Ethical considerations

Prior to conducting the interviews, written informed consent was obtained from persons with dementia or, if they were not capable from their informal caregivers. When informal caregivers signed the informed consent, the persons with dementia provided oral consent for their participation. We used pseudonyms to report the quotations of the participants. This study adhered to the principles of the Declaration of Helsinki (WMA, Citation2013) and received confirmation from the Medical Ethics Committee Zuyderland that the Medical Research Involving Human Subject Acts did not apply (registration number METCZ20180085).

Results

Of the 22 candidates, four withdrew due to physical reasons, being overburdened or personal pursuits. The participants (N = 18) had a mean age of 82 years (range between 77-93) and 61% were men (). The majority lived at home (83%) and had informal caregivers (72%). The mean interview time was 53 min (SD = 19).

Table 2. Characteristics of persons with dementia (N = 18).

We identified the following four themes: 1) My perception of collaboration among HCPs (), 2) My needs in IPC (), 3) My coping strategies for a possible future move to the NH (), and 4) My preferences when a NH becomes my possible future home ().

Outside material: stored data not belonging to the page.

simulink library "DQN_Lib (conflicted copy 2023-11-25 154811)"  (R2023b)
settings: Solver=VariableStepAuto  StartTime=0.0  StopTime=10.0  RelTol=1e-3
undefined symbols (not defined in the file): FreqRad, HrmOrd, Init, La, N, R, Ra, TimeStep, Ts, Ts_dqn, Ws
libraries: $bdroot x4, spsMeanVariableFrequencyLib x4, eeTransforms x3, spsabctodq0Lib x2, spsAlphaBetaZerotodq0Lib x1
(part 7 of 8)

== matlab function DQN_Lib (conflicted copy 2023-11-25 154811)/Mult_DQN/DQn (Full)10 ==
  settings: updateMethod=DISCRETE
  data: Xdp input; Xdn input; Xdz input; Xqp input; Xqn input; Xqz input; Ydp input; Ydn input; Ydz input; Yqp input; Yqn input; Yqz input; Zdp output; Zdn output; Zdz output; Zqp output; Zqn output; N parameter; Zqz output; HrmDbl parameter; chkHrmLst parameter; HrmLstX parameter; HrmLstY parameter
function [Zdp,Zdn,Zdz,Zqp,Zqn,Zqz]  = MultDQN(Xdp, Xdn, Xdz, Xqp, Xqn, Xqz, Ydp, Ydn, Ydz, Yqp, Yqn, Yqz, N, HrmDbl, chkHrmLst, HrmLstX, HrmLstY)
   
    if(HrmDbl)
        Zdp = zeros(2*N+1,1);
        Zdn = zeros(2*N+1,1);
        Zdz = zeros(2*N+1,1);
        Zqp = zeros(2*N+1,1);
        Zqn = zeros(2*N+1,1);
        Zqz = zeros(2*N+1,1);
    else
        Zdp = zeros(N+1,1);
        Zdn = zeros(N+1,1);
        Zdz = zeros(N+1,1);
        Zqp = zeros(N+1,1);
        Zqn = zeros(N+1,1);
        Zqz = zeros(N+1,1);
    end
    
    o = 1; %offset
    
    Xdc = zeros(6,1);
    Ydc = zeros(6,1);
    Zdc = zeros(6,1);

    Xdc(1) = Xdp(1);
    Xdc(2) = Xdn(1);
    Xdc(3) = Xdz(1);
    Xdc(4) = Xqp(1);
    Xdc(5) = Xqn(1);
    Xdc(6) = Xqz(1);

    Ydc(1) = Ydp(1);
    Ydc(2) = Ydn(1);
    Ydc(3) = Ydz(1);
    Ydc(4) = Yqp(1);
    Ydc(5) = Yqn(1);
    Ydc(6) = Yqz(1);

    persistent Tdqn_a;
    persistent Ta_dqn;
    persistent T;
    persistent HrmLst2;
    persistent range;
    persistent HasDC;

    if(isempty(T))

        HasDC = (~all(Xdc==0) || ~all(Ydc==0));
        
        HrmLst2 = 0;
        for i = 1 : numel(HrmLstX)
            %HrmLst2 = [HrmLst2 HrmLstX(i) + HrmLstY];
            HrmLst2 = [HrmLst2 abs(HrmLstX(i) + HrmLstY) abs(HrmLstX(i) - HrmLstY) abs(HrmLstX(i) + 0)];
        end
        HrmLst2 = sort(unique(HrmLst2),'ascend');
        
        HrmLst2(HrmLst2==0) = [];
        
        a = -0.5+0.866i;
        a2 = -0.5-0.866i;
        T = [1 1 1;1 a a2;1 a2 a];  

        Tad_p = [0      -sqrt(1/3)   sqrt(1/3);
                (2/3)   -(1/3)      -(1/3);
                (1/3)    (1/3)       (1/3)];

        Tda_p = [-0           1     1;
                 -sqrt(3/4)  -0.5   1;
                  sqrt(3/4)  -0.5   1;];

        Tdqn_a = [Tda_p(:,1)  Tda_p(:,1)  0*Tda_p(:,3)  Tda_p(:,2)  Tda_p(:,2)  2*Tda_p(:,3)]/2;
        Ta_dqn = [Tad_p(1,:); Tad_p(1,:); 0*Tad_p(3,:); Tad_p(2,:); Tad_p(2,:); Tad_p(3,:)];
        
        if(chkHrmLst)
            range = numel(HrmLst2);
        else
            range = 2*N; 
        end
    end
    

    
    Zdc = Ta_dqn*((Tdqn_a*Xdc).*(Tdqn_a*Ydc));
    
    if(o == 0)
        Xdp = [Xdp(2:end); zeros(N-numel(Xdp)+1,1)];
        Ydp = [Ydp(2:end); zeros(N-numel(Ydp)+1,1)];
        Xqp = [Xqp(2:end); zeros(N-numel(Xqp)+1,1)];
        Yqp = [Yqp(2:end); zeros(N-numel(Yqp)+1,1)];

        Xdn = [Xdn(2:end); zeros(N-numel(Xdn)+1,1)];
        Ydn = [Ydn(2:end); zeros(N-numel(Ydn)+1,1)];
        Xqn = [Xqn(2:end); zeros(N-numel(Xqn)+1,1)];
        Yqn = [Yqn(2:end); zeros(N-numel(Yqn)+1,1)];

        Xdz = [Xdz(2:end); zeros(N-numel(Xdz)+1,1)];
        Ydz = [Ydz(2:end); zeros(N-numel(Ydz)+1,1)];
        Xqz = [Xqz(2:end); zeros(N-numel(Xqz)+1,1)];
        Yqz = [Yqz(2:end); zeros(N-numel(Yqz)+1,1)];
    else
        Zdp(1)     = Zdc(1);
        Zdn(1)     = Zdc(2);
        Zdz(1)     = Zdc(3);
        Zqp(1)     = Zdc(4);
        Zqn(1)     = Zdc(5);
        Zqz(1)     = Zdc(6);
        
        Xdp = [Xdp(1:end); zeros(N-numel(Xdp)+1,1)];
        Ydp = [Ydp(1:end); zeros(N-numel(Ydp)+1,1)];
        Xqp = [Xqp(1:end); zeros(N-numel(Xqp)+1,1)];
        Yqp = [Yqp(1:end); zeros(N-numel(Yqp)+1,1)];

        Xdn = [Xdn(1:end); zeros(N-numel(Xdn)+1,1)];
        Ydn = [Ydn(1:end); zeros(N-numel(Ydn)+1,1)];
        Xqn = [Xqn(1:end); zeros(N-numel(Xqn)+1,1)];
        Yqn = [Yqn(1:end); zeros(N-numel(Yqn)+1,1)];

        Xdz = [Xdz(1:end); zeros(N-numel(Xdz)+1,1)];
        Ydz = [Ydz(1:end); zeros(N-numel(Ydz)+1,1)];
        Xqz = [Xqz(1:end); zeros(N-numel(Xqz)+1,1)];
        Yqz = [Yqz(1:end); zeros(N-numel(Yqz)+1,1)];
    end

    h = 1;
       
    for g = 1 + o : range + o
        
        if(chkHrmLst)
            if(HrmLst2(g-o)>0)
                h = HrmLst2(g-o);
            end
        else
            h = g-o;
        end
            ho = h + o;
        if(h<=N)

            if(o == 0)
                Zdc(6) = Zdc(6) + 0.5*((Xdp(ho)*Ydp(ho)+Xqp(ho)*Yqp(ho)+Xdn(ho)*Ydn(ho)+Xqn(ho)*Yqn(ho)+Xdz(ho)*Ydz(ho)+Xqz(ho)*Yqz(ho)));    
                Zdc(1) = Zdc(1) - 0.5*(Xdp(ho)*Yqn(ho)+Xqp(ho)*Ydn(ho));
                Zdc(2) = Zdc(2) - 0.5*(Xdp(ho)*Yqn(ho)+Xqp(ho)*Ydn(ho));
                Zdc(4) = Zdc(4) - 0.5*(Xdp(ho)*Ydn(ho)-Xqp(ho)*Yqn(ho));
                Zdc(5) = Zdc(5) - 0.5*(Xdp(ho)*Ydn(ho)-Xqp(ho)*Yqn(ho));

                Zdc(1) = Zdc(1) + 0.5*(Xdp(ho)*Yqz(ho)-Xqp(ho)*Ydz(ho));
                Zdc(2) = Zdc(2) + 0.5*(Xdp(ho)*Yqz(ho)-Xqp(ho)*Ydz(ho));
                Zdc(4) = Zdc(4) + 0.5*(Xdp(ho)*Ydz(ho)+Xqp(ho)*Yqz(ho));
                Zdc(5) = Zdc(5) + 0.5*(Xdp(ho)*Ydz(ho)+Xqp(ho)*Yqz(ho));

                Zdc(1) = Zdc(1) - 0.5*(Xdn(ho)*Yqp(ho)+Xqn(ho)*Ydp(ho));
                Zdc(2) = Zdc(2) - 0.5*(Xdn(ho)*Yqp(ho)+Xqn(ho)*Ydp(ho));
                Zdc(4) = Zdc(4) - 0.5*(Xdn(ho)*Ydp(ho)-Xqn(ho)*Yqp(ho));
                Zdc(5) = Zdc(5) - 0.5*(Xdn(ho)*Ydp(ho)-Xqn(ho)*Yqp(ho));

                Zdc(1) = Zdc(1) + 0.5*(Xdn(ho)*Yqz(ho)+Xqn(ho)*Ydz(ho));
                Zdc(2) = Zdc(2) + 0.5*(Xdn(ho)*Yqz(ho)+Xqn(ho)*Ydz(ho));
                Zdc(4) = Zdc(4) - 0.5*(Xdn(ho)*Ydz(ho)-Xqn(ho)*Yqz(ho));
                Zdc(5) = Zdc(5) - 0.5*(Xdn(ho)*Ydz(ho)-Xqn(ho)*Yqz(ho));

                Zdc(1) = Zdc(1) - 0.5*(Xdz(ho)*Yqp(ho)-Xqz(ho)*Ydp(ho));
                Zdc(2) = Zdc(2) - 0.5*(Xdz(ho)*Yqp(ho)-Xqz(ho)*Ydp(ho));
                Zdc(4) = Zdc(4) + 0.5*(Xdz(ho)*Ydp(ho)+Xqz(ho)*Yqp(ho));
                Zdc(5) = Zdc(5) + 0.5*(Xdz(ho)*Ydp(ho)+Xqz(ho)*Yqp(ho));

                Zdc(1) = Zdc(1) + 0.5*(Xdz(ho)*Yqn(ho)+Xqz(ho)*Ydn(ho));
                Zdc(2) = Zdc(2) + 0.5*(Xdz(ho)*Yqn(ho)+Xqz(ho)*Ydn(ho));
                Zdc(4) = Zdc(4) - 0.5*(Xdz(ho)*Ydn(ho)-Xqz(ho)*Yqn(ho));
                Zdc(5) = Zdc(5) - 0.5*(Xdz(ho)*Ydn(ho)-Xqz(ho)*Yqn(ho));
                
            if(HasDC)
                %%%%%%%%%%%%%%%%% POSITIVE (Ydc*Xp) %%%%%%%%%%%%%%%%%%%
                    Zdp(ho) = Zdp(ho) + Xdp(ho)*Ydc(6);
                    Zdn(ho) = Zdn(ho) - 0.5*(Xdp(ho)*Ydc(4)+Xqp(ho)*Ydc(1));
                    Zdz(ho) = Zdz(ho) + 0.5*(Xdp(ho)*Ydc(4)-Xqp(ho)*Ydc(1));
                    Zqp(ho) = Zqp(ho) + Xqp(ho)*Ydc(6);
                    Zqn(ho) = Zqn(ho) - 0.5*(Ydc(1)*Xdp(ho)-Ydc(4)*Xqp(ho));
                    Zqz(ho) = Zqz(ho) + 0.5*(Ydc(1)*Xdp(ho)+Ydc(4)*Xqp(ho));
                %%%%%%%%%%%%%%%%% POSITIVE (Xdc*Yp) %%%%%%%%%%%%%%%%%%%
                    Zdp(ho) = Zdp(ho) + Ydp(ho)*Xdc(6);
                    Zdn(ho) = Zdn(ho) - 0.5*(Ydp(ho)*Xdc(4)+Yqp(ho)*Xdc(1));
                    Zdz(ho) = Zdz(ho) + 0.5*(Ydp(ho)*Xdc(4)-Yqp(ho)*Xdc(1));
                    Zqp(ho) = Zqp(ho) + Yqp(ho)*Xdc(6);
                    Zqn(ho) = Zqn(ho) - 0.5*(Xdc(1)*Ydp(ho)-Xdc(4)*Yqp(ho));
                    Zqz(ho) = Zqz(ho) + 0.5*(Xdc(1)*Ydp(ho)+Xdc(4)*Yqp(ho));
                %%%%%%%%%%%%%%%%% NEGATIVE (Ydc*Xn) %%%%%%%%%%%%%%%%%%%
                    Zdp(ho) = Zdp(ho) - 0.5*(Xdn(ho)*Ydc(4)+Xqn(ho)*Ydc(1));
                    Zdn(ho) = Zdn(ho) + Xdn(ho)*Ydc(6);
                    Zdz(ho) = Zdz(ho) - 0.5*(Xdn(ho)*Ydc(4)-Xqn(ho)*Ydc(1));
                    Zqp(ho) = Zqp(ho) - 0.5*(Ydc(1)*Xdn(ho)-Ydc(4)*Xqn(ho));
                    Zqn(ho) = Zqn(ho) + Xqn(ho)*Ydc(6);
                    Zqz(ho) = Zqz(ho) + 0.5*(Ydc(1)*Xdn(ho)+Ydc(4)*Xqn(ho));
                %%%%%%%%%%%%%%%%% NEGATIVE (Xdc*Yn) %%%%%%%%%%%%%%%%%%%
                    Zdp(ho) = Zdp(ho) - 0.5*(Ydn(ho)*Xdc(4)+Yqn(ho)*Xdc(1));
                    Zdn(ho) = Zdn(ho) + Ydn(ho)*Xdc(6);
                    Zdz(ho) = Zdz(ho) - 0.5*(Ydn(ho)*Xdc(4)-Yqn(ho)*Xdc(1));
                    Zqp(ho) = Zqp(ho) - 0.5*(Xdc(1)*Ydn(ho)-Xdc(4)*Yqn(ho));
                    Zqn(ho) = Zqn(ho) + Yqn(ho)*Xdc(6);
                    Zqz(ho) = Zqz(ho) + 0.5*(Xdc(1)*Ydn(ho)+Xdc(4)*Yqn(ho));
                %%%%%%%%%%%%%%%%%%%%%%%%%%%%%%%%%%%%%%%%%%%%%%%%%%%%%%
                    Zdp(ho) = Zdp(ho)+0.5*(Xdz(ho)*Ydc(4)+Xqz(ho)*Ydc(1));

Figure 2. Theme 1. My perception of collaboration among healthcare professionals. Abbreviations: HCPs = healthcare professionals.

Figure 2. Theme 1. My perception of collaboration among healthcare professionals. Abbreviations: HCPs = healthcare professionals.

Figure 3. Theme 2. My needs in interprofessional collaboration. Abbreviations: HCPs = healthcare professionals.

Figure 3. Theme 2. My needs in interprofessional collaboration. Abbreviations: HCPs = healthcare professionals.

Figure 4. Theme 3. My coping strategies for a possible future move to the nursing home. Abbreviations: NH = nursing homes and o/a = or/and.

Figure 4. Theme 3. My coping strategies for a possible future move to the nursing home. Abbreviations: NH = nursing homes and o/a = or/and.

Figure 5. Theme 4. My preferences when a nursing home becomes my possible future home. Abbreviations: NH = nursing home.

Figure 5. Theme 4. My preferences when a nursing home becomes my possible future home. Abbreviations: NH = nursing home.

Theme 1. My perception of collaboration among HCPs

Theme 1 describes the visibility of collaboration among HCPs and the impact on the care experience from the perspectives of persons with dementia ().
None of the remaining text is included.